We stay up to date on the literature on child malnutrition first and foremost because access to food and proper nutrition are human rights. In addition, malnutrition is well-known to be the underlying cause or a factor in approximately 45 percent of child deaths. Two key concepts are worth reviewing briefly, stunting and linear growth retardation.
Stunting is the result of chronic malnutrition, repeated infections and neglect resulting in a lower height for a given age. Stunting (Height-for-age) isan indicator of linear growth retardation and cumulative growth deficits in children (Chronic malnutrition). The WHO definition of stunting is: "Children are defined as stunted if their height-for-age is more than two standard deviations below the WHO Child Growth Standards median." The WHO has developed a Conceptual Framework on stunting. Of tremendous interest to Maternova is the fact that stunting can and often does begin in utero, meaning babies whose mothers are malnourished, stressed and neglected, are of course beginning on a life course of stunting. It is estimated that 20 percent of stunting begins in utero.

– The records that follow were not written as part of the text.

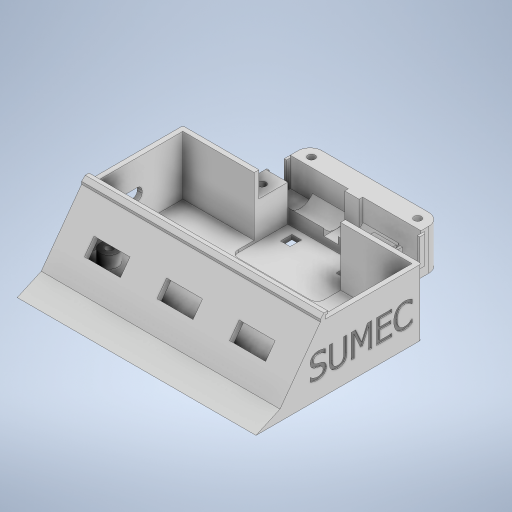
# Autodesk Inventor part: Sumec_telo_V4.1
Saved by Autodesk Inventor 2023 (Build 270158000, 158)
## iProperties
Created: 2023-03-18
Part Number: Sumec_telo_V4.1
Material: Všeobecné
Document SubType Name: Modeling
Designer: jaryj
Density: 1 g/cm^3
Appearance: Výchozí
Author: jaryj
Autodesk Inventor part; units mm, degrees
ref_plane "YZ Plane" through (0, 0, 0) normal (1, 0, 0) x (0, 1, 0)
ref_plane "XZ Plane" through (0, 0, 0) normal (0, 1, 0) x (-1, 0, 0)
ref_plane "XY Plane" through (0, 0, 0) normal (0, 0, 1) x (1, 0, 0)
sketch "Náčrt1" plane through (0, 0, 0) normal (0, 1, 0) x (-1, 0, 0)
  line L0 (0, 0) -> (49.75, 0)
  line L1 (49.75, 0) -> (49.75, -69)
  line L2 (49.75, -69) -> (18, -69)
  line L3 (18, -69) -> (18, -81)
  line L4 (18, -81) -> (27.25, -81)
  line L5 (27.25, -81) -> (27.25, -69)
  line L6 (27.25, -81) -> (27.25, -91.25)
  line L7 (27.25, -91.25) -> (27.25, -99.5)
  line L8 (27.25, -99.5) -> (0, -99.5)
  line L9 (0, -99.5) -> (0, -91.25)
  line L10 (0, -91.25) -> (27.25, -91.25)
  line L11 (0, -91.25) -> (0, -81)
  line L12 (0, -81) -> (18, -81)
  line L13 (0, -81) -> (0, 0)
  line L14 (18, -69) -> (18, -57.25)
  line L15 (18, -57.25) -> (0, -57.25)
  line L16 (47.75, -30) -> (47.75, -67)
  line L17 (47.75, -67) -> (18, -67)
  line L18 (0, -30) -> (47.75, -30)
  dimension "d0" = 49.75
  dimension "d1" = 69
  dimension "d2" = 12
  dimension "d3" = 10.25
  dimension "d4" = 8.25
  dimension "d5" = 27.25
  dimension "d6" = 18
  dimension "d9" = 2
  dimension "d13" = 30
  dimension "d18" = 2
  dimension "d190" = 9.75
  constraints: 38 end point, 12 perpendicular, 7 point on line, 1 horizontal, 1 vertical
  measures "d0" distance of L0.start L0.end
  measures "d1" distance of L0.end L1.end
  measures "d2" distance of L4.end L5.end
  measures "d3" distance of L4.end L6.end
  measures "d4" distance of L6.end L7.end
  measures "d5" distance of L7.end L8.end
  measures "d6" distance of L3.end L11.end
  measures "d9" distance between parallel lines of L17 L2
  measures "d13" distance between parallel lines of L0 L18
  measures "d18" distance between parallel lines of L1 L16
  measures "d190" distance between parallel lines of L17 L15
extrude "Vysunutí1" add sketch "Náčrt1" along normal blind 3 contours L18 L16 L17 L14 L15 L13
extrude "Vysunutí2" add sketch "Náčrt1" along normal blind 1.888 contours L15 L14 L3 L12 L13
extrude "Vysunutí3" add sketch "Náčrt1" along normal blind 27.5 contours L0 L1 L2 L14 L17 L16 L18 L13
extrude "Vysunutí4" add sketch "Náčrt1" along normal blind 17 contours L5 L4 L3 L2 | L10 L7 L8 L9
extrude "Vysunutí15" add sketch "Náčrt1" along normal blind 5 contours L12 L4 L6 L10 L11
sketch "Náčrt2" plane through (-49.75, 0, -69) normal (-1, 0, 0) x (0, 0, 1)
  line L0 (69, 0) -> (69, 27.5) projected
  line L1 (69, 0) -> (59, 4.5)
  line L2 (0, 0) -> (69, 0) projected
  line L3 (42.1707, 27.5) -> (59, 4.5)
  line L4 (69, 27.5) -> (0, 27.5) projected
  line L5 (69, 0) -> (69, 27.5) projected
  line L6 (69, 0) -> (69, 27.5)
  line L7 (69, 27.5) -> (42.1707, 27.5)
  point P0 (39, 27.5)
  point P1 (45.8293, 22.5)
  dimension "d24" = 4.5
  dimension "d25" = 10
  dimension "d235" = 53.807
  constraints: 8 end point, 1 collinear, 1 perpendicular, 1 point on line
  measures "d24" distance from line of L2 L1.end
  measures "d25" horizontal distance of L0.start L1.end
  measures "d235" angle of L2 L3
extrude "Vysunutí6" cut sketch "Náčrt2" against normal up to surface (49.75 mm away)
sketch "Náčrt3" plane through (0, 3, -30) normal (0, 0, -1) x (-1, 0, 0)
  line L0 (22.75, 15.167) -> (37.75, 15.167)
  line L1 (37.75, 15.167) -> (37.75, 0)
  line L2 (37.75, 0) -> (22.75, 0)
  line L3 (22.75, 0) -> (22.75, 15.167)
  line L4 (0, 15.167) -> (7.5, 15.167)
  line L5 (7.5, 15.167) -> (7.5, 0)
  line L6 (7.5, 0) -> (0, 0)
  line L7 (0, 0) -> (0, 15.167)
  line L8 (49.75, -3) -> (0, -3) projected
  dimension "d30" = 15
  dimension "d31" = 7.5
  dimension "d32" = 15.167
  dimension "d33" = 3
  dimension "d34" = 15.25
  constraints: 16 end point, 4 perpendicular, 4 point on line, 1 horizontal, 1 vertical alignment
  measures "d30" distance of L0.start L0.end
  measures "d31" distance of L4.start L4.end
  measures "d32" distance of L0.end L1.end
  measures "d33" distance between parallel lines of L8 L6
  measures "d34" distance between parallel lines of L3 L5
extrude "Vysunutí7" cut sketch "Náčrt3" against normal blind 14
sketch "Náčrt7" plane through (-47.75, 3, -67) normal (1, 0, 0) x (0, 0, -1)
  line L0 (-37, 0) -> (-50, 0)
  line L1 (-37, 0) -> (-51, 0) projected
  line L2 (-50, 0) -> (-50, 6.833)
  line L3 (-40.1707, 24.5) -> (2, 24.5) projected
  line L4 (2, -3) -> (-67, -3) projected
  line L5 (-40.1707, 24.5) -> (-46.9998, 15.167) projected
  line L6 (-37, 15.167) -> (-37, 24.5) projected
  line L7 (-37, 24.5) -> (-37, 0)
  line L8 (-37, 24.5) -> (-40.1707, 24.5) projected
  line L9 (-37.073, 24.5) -> (-37, 24.5)
  line L10 (-50, 6.833) -> (-37.073, 24.5)
  point P0 (-37, 15.167)
  dimension "d45" = 13
  dimension "d261" = 2.5
  constraints: 10 end point, 3 collinear, 2 perpendicular, 1 point on line
  measures "d45" distance of L0.start L0.end
  measures "d261" distance between parallel lines of L10 L5
extrude "Vysunutí9" cut sketch "Náčrt7" along normal through all
sketch "Náčrt13" plane through (0, 17, 0) normal (0, 1, 0) x (1, 0, 0)
  line L0 (-27.25, 81) -> (-18, 81) projected
  line L1 (-27.25, 69) -> (-27.25, 81) projected
  point P0 (0, 0)
  point P1 (-22.625, 75)
  dimension "d84" = 6
  dimension "d85" = 4.625
  measures "d84" distance from line of L0 point (-22.625, 75)
  measures "d85" distance from line of L1 point (-22.625, 75)
hole "Díra2" at (-22.625, 17, -75) direction (0, -1, 0) diameter 3 depth 6
sketch "Náčrt14" plane through (0, 17, 0) normal (0, 1, 0) x (1, 0, 0)
  line L0 (-27.25, 91.25) -> (-27.25, 99.5) projected
  line L1 (-27.25, 99.5) -> (0, 99.5) projected
  point P0 (0, 0)
  point P1 (-22.125, 95)
  dimension "d93" = 5.125
  dimension "d101" = 4.5
  measures "d93" distance from line of L0 point (-22.125, 95)
  measures "d101" distance from line of L1 point (-22.125, 95)
hole "Díra3" at (-22.125, 17, -95) direction (0, -1, 0) diameter 3 depth 6
fillet "Zaoblení1" radius 3 1 edges at (-18, 2.444, -57.25)
fillet "Zaoblení2" radius 1 1 edges at (-49.75, 13.75, -69)
fillet "Zaoblení3" radius 5 1 edges at (-27.25, 8.5, -99.5)
sketch "Náčrt24" plane through (-18, 3, -67) normal (1, 0, 0) x (0, 0, -1)
  line L0 (24.25, 2) -> (24.25, 14) projected
  line L1 (14, 2) -> (24.25, 2) projected
  line L2 (14, 2) -> (14, 14) projected
  line L3 (24.25, 2) -> (14, 2) projected
  line L4 (24.25, 4.88) -> (24.25, 2)
  line L5 (24.25, 2) -> (14, 2)
  line L6 (14, 2) -> (14, 4.88)
  arc A0 (14, 4.88) -> (24.25, 4.88) centre (19.125, 8) ccw
  point P0 (-67, -3)
  point P1 (19.125, 2)
  dimension "d200" = 6
  constraints: 6 end point, 2 perpendicular, 2 point on circle, 2 point on line, 1 centre point, 1 horizontal alignment, 1 tangent
  measures "d200" radius of A0
extrude "Vysunutí22" add sketch "Náčrt24" along normal blind 15
sketch "Náčrt21" plane through (-27.25, 0, -69) normal (-1, 0, 0) x (0, 0, 1)
  line L0 (-20.75, 16) -> (-23.75, 16)
  line L1 (-30.5, 17) -> (-22.25, 17) projected
  line L2 (-23.75, 3.5) -> (-10.5, 3.5)
  line L3 (-10.5, 3.5) -> (-10.5, 16)
  line L4 (-10.5, 16) -> (-13.5, 16)
  line L5 (-13.5, 16) -> (-13.5, 6.5)
  line L6 (-13.5, 6.5) -> (-20.75, 6.5)
  line L7 (-20.75, 6.5) -> (-20.75, 16)
  line L8 (-23.75, 16) -> (-23.75, 3.5)
  line L9 (-22.25, 5) -> (-22.25, 17) projected
  line L10 (-12, 5) -> (-22.25, 5) projected
  line L11 (-12, 5) -> (-12, 17) projected
  line L12 (0, 17) -> (-12, 17) projected
  point P0 (69, 0)
  dimension "d172" = 1.5
  dimension "d173" = 1.5
  dimension "d174" = 1.5
  dimension "d175" = 1.5
  dimension "d176" = 1.5
  dimension "d177" = 1.5
  dimension "d180" = 1
  constraints: 12 end point, 3 perpendicular, 1 horizontal, 1 parallel, 1 vertical, 8 other
  measures "d172" distance between parallel lines of L7 L9
  measures "d173" distance between parallel lines of L6 L10
  measures "d174" distance between parallel lines of L5 L11
  measures "d175" distance between parallel lines of L11 L3
  measures "d176" distance between parallel lines of L2 L10
  measures "d177" distance between parallel lines of L8 L9
extrude "Vysunutí19" add sketch "Náčrt21" along normal blind 1
chamfer "Zkosení1" distance 1 angle 45 3 edges at (-28.25, 9.75, -92.75) (-28.25, 3.5, -86.125) (-28.25, 9.75, -79.5)
mirror "Zrcadlit1" about plane through (0, 0, -99.5) normal (1, 0, 0)
sketch "Náčrt30" plane through (-49.75, 0, -68) normal (-1, 0, 0) x (0, 0, 1)
  line L0 (58, 4.5) -> (41.1707, 27.5) projected
  line L1 (41.1707, 27.5) -> (41.1707, 30)
  line L2 (41.1707, 30) -> (38.073, 30)
  line L3 (38.073, 30) -> (38.073, 29)
  line L4 (38.073, 29) -> (39.073, 29)
  line L5 (39.073, 29) -> (39.073, 27.5)
  line L6 (41.1707, 27.5) -> (0, 27.5) projected
  line L7 (39.073, 27.5) -> (41.1707, 27.5)
  line L8 (38.073, 27.5) -> (51, 9.833) projected
  point P0 (68, 0)
  point P1 (39.073, 27.5)
  dimension "d236" = 1.5
  dimension "d237" = 1
  dimension "d263" = 1
  constraints: 12 end point, 4 perpendicular, 1 collinear, 1 horizontal, 1 vertical alignment
  measures "d236" distance of L4.end L5.end
  measures "d237" distance of L3.end L4.end
  measures "d263" distance of L2.end L3.end
sketch "Náčrt16" plane through (0, 1.888, 0) normal (0, 1, 0) x (1, 0, 0)
  line L0 (-9.4, 73.375) -> (-13.4, 73.375)
  line L1 (-13.4, 73.375) -> (-13.4, 78.125)
  line L2 (-13.4, 78.125) -> (-9.4, 78.125)
  line L3 (-9.4, 78.125) -> (-9.4, 73.375)
  line L4 (-18, 81) -> (-18, 69) projected
  line L5 (13.75, 73.375) -> (9.75, 73.375)
  line L6 (9.75, 73.375) -> (9.75, 78.125)
  line L7 (9.75, 78.125) -> (13.75, 78.125)
  line L8 (13.75, 78.125) -> (13.75, 73.375)
  line L9 (18, 81) -> (18, 69) projected
  line L10 (-18, 81) -> (18, 81) projected
  point P0 (0, 0)
  dimension "d128" = 4
  dimension "d129" = 4.75
  dimension "d130" = 4.6
  dimension "d134" = 4.25
  dimension "d192" = 2.875
  constraints: 16 end point, 4 parallel, 2 equal length, 2 perpendicular, 1 horizontal, 1 horizontal alignment
  measures "d128" distance of L0.start L0.end
  measures "d129" distance of L2.end L0.start
  measures "d130" distance between parallel lines of L4 L1
  measures "d134" distance between parallel lines of L9 L8
  measures "d192" distance between parallel lines of L10 L2
extrude "Vysunutí16" cut sketch "Náčrt16" against normal through all
sketch "Náčrt17" plane through (0, 3, 0) normal (0, 1, 0) x (1, 0, 0)
  line L0 (-47.75, 17) -> (-37.75, 17) projected
  line L1 (-47.75, 17) -> (-47.75, 67) projected
  line L2 (47.75, 17) -> (37.75, 17) projected
  line L3 (47.75, 17) -> (47.75, 67) projected
  line L4 (-39.4, 19.625) -> (-43.4, 19.625)
  line L5 (-43.4, 19.625) -> (-43.4, 24.375)
  line L6 (-43.4, 24.375) -> (-39.4, 24.375)
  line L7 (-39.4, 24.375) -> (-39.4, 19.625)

"Linear growth retardation (or linear growth faltering) is defined as a failure to reach one's linear growth potential. Linear growth retardation implies that (groups of) children are too short for their age, but does not imply that they are stunted. As explained in the text, the number of children suffering from linear growth retardation is much higher than the number of children that are stunted." (Leroy and Frangillo 2019 https://doi.org/10.1093/advances/nmy101)_
Though stunting is associated with cognitive and motor deficits, risk of chronic disease and a number of other lifelong risk factors, the causal link between stunting and each of these outcomes is under debate. There is one outcome that has more solid evidence, and that is the fact that women who are stunted are more likely babies that are SGA (small for gestational age) putting those babies at risk for stunting, for neonatal mortality and for child morbidity.
Identification of anemia in pregnant women is important, since it is an important cause of multiple complications during pregnancy (preterm delivery, low birth weight and perinatal death), so it is recommended to all pregnant women, in the first prenatal visit and at 28 weeks of gestation, the measurement of serum concentrations of hemoglobin and hematocrit as a screening test for anemia.
Prenatal assessment seeks to identify, through clinical history, sociodemographic characteristics, mean blood pressure, Doppler of the uterine arteries and biochemical markers such as pregnancy-associated plasma protein A (PAPP-A) and placental growth factor (PlGF), those women who are at high risk of developing preeclampsia in order to take appropriate measures. that can help reduce that risk.